Full Report
USDC is one of the biggest assets in crypto by usage and TVL. Circle, the owners of USDC, created the protocol Cross Chain Transfer Protocol (CCTP). Although this is a general message passing protocol, the biggest use case is for transferring tokens (main USDC) to other chains that Circle built on top of CCTP. There is an EVM, Solana and Cosmos implementation of this on Noble. On Noble, it is simply a Cosmos SDK module instead of a smart contract. Like most bridges, this works by emitting an event, having some off-chain entity attest to it and then minting the asset on the other chain. The token bridge works with an allowlisted set of sibling contracts that are owned by Circle. The message must be valid and come from the proper contract address in order to be considered legitimate. When building protocols on top of each other, there are different security guarantees. CCTP validates that a cross chain message was sent on the other chain. On top of this for the token bridge, there are other things that need to be checked though. Crucially, the sibling check was missing on Noble. This means that an attacker could call CCTP with a BurnMessage call from their contract and have it handled by the Noble module properly for USDC token minting. If the sibling was properly checked, this wouldn't have been possible though. Great find by my co-worker! Sometimes picking on the lesser known/used implementation is the game plan. The Solana and Ethereum implementations are solid but this one went through the cracks.
Analysis Summary
# Vulnerability: Circle CCTP Noble Minting Sibling Verification Bypass
## CVE Details
- CVE ID: Not assigned (Privately disclosed via bug bounty)
- CVSS Score: Estimated 9.1 - 10.0 (Critical)
- CWE: CWE-285: Improper Authorization / CWE-345: Insufficient Verification of Data Authenticity
## Affected Systems
- Products: Circle Noble-CCTP (Cosmos SDK Module)
- Versions: Versions prior to the August 2024 patch
- Configurations: Specifically the Cosmos SDK implementation on the Noble chain; Solana and EVM implementations were not affected.
## Vulnerability Description
The vulnerability existed in the `noble-cctp` module, which handles the Cross-Chain Transfer Protocol (CCTP) on the Noble Cosmos app chain. Unlike EVM or Solana implementations that use smart contracts, Noble uses a built-in module.
The flaw was a missing "sibling" check during the message handling process. While CCTP successfully validated that a message was legitimate and signed by Circle's off-chain attestation service, the Noble module failed to verify the **source sender address** of the message. In a secure bridge transaction, the destination chain must verify that the burn message originated from an authorized "sibling" TokenMessenger contract on the source chain.

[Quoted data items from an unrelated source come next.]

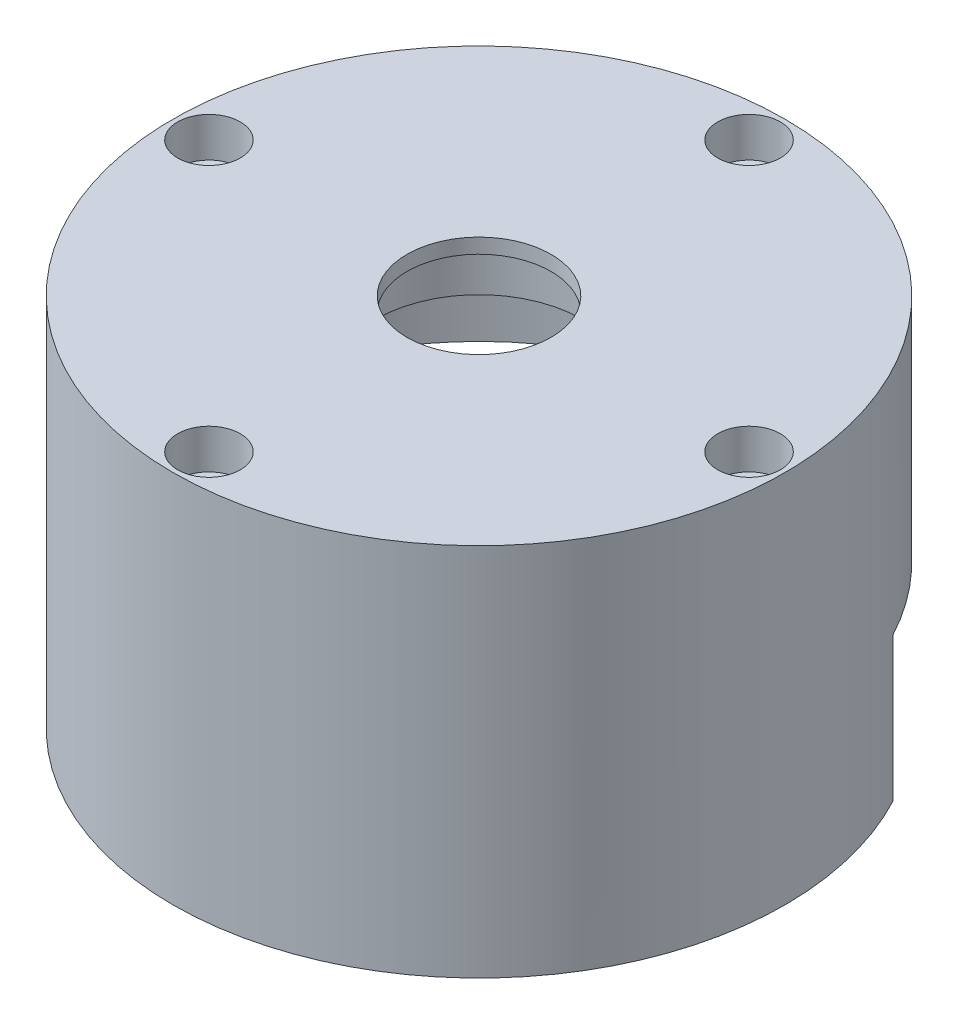
ISO-10303-21;
HEADER;
FILE_DESCRIPTION(('STEP AP214'),'2;1');
FILE_NAME('part.step','',(''),(''),'','','');
FILE_SCHEMA(('AUTOMOTIVE_DESIGN { 1 0 10303 214 1 1 1 1 }'));
ENDSEC;
DATA;
#1=APPLICATION_CONTEXT('core data for automotive mechanical design processes');
#2=APPLICATION_PROTOCOL_DEFINITION('international standard','automotive_design',2000,#1);
#3=PRODUCT_CONTEXT('',#1,'mechanical');
#4=PRODUCT('Part','Part','',(#3));
#5=PRODUCT_RELATED_PRODUCT_CATEGORY('part','',(#4));
#6=PRODUCT_DEFINITION_FORMATION('','',#4);
#7=PRODUCT_DEFINITION_CONTEXT('part definition',#1,'design');
#8=PRODUCT_DEFINITION('design','',#6,#7);
#9=PRODUCT_DEFINITION_SHAPE('','',#8);
#10=(LENGTH_UNIT() NAMED_UNIT(*) SI_UNIT(.MILLI.,.METRE.));
#11=(NAMED_UNIT(*) PLANE_ANGLE_UNIT() SI_UNIT($,.RADIAN.));
#12=(NAMED_UNIT(*) SI_UNIT($,.STERADIAN.) SOLID_ANGLE_UNIT());
#13=UNCERTAINTY_MEASURE_WITH_UNIT(LENGTH_MEASURE(1.E-05),#10,'distance_accuracy_value','');
#14=(GEOMETRIC_REPRESENTATION_CONTEXT(3) GLOBAL_UNCERTAINTY_ASSIGNED_CONTEXT((#13)) GLOBAL_UNIT_ASSIGNED_CONTEXT((#10,
#11,#12)) REPRESENTATION_CONTEXT('',''));
#15=CARTESIAN_POINT('',(0.,0.,0.));
#16=DIRECTION('',(0.,0.,1.));
#17=DIRECTION('',(1.,0.,0.));
#18=AXIS2_PLACEMENT_3D('',#15,#16,#17);
#19=CARTESIAN_POINT('',(-37.5,-42.,0.));
#20=DIRECTION('',(0.,1.,0.));
#21=DIRECTION('',(0.,0.,1.));
#22=AXIS2_PLACEMENT_3D('',#19,#20,#21);
#23=CYLINDRICAL_SURFACE('',#22,2.55);
#24=DIRECTION('',(0.,1.,0.));
#25=VECTOR('',#24,1.);
#26=CARTESIAN_POINT('',(-37.5,-42.,-2.55));
#27=LINE('',#26,#25);
#28=CARTESIAN_POINT('',(-37.5,-22.,-2.55));
#29=VERTEX_POINT('',#28);
#30=CARTESIAN_POINT('',(-37.5,-42.,-2.55));
#31=VERTEX_POINT('',#30);
#32=EDGE_CURVE('E12',#29,#31,#27,.F.);
#33=ORIENTED_EDGE('',*,*,#32,.F.);
#34=CARTESIAN_POINT('',(-37.5,-22.,0.));
#35=DIRECTION('',(0.,-1.,0.));
#36=DIRECTION('',(0.,0.,-1.));
#37=AXIS2_PLACEMENT_3D('',#34,#35,#36);
#38=CIRCLE('',#37,2.55);
#39=CARTESIAN_POINT('',(-37.4133,-22.,-2.54852567379648));
#40=VERTEX_POINT('',#39);
#41=EDGE_CURVE('E232',#40,#29,#38,.F.);
#42=ORIENTED_EDGE('',*,*,#41,.F.);
#43=DIRECTION('',(0.,1.,0.));
#44=VECTOR('',#43,1.);
#45=CARTESIAN_POINT('',(-37.4133,-22.,-2.54852567379652));
#46=LINE('',#45,#44);
#47=CARTESIAN_POINT('',(-37.4133,0.,-2.54852567379643));
#48=VERTEX_POINT('',#47);
#49=EDGE_CURVE('E266',#40,#48,#46,.T.);
#50=ORIENTED_EDGE('',*,*,#49,.T.);
#51=CARTESIAN_POINT('',(-37.5,0.,0.));
#52=DIRECTION('',(0.,1.,0.));
#53=DIRECTION('',(0.,0.,1.));
#54=AXIS2_PLACEMENT_3D('',#51,#52,#53);
#55=CIRCLE('',#54,2.55);
#56=CARTESIAN_POINT('',(-37.4133,0.,2.54852567379643));
#57=VERTEX_POINT('',#56);
#58=EDGE_CURVE('E261',#48,#57,#55,.F.);
#59=ORIENTED_EDGE('',*,*,#58,.T.);
#60=DIRECTION('',(0.,1.,0.));
#61=VECTOR('',#60,1.);
#62=CARTESIAN_POINT('',(-37.4133,-22.,2.54852567379652));
#63=LINE('',#62,#61);
#64=CARTESIAN_POINT('',(-37.4133,-42.,2.54852567379652));
#65=VERTEX_POINT('',#64);
#66=EDGE_CURVE('E283',#57,#65,#63,.F.);
#67=ORIENTED_EDGE('',*,*,#66,.T.);
#68=CARTESIAN_POINT('',(-37.5,-42.,0.));
#69=DIRECTION('',(0.,1.,0.));
#70=DIRECTION('',(0.,0.,1.));
#71=AXIS2_PLACEMENT_3D('',#68,#69,#70);
#72=CIRCLE('',#71,2.55);
#73=EDGE_CURVE('E182',#31,#65,#72,.T.);
#74=ORIENTED_EDGE('',*,*,#73,.F.);
#75=EDGE_LOOP('',(#33,#42,#50,#59,#67,#74));
#76=FACE_BOUND('',#75,.T.);
#77=CARTESIAN_POINT('',(-37.5,4.5,0.));
#78=DIRECTION('',(0.,1.,0.));
#79=DIRECTION('',(0.,0.,1.));
#80=AXIS2_PLACEMENT_3D('',#77,#78,#79);
#81=CIRCLE('',#80,2.55);
#82=CARTESIAN_POINT('',(-37.5,4.5,2.55));
#83=VERTEX_POINT('',#82);
#84=EDGE_CURVE('E38',#83,#83,#81,.F.);
#85=ORIENTED_EDGE('',*,*,#84,.F.);
#86=EDGE_LOOP('',(#85));
#87=FACE_BOUND('',#86,.T.);
#88=ADVANCED_FACE('F34',(#76,#87),#23,.F.);
#89=CARTESIAN_POINT('',(37.5,-42.,0.));
#90=DIRECTION('',(0.,1.,0.));
#91=DIRECTION('',(0.,0.,1.));
#92=AXIS2_PLACEMENT_3D('',#89,#90,#91);
#93=CYLINDRICAL_SURFACE('',#92,2.55);
#94=DIRECTION('',(0.,1.,0.));
#95=VECTOR('',#94,1.);
#96=CARTESIAN_POINT('',(37.5,-42.,-2.55));
#97=LINE('',#96,#95);
#98=CARTESIAN_POINT('',(37.5,-42.,-2.55));
#99=VERTEX_POINT('',#98);
#100=CARTESIAN_POINT('',(37.5,-22.,-2.55));
#101=VERTEX_POINT('',#100);
#102=EDGE_CURVE('E43',#99,#101,#97,.T.);
#103=ORIENTED_EDGE('',*,*,#102,.F.);
#104=CARTESIAN_POINT('',(37.5,-42.,0.));
#105=DIRECTION('',(0.,1.,0.));
#106=DIRECTION('',(0.,0.,1.));
#107=AXIS2_PLACEMENT_3D('',#104,#105,#106);
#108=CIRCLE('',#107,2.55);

Because this check was absent, an attacker could use their own unprivileged contract on a source chain (like Ethereum) to call the CCTP `sendMessage()` function with a crafted `BurnMessage`. The Noble module would then process this as a valid minting instruction, effectively allowing the creation of "fake" USDC on Noble.
## Exploitation
- Status: No exploitation in the wild (PoC confirmed by researchers)
- Complexity: Medium (Requires crafting a CCTP message and obtaining an attestation for a custom contract)
- Attack Vector: Network
## Impact
- Confidentiality: None
- Integrity: Critical (Potential for infinite minting of USDC tokens)
- Availability: High (Potential for economic collapse of the asset on the Noble chain)
## Remediation
### Patches
- Circle has patched the `noble-cctp` module. Users and node operators on Noble should ensure they are running the latest version of the Noble chain software as released following the disclosure in August 2024.
- Original Repository: hxxps://github[.]com/circlefin/noble-cctp
### Workarounds
- No manual workarounds provided; the fix requires a protocol-level update to the Noble Cosmos module to enforce sibling validation.
## Detection
- Indicators of compromise: Discrepancies between `Burn` events on source chains (EVM/Solana) and `Mint` events on Noble that do not originate from authorized Circle TokenMessenger addresses.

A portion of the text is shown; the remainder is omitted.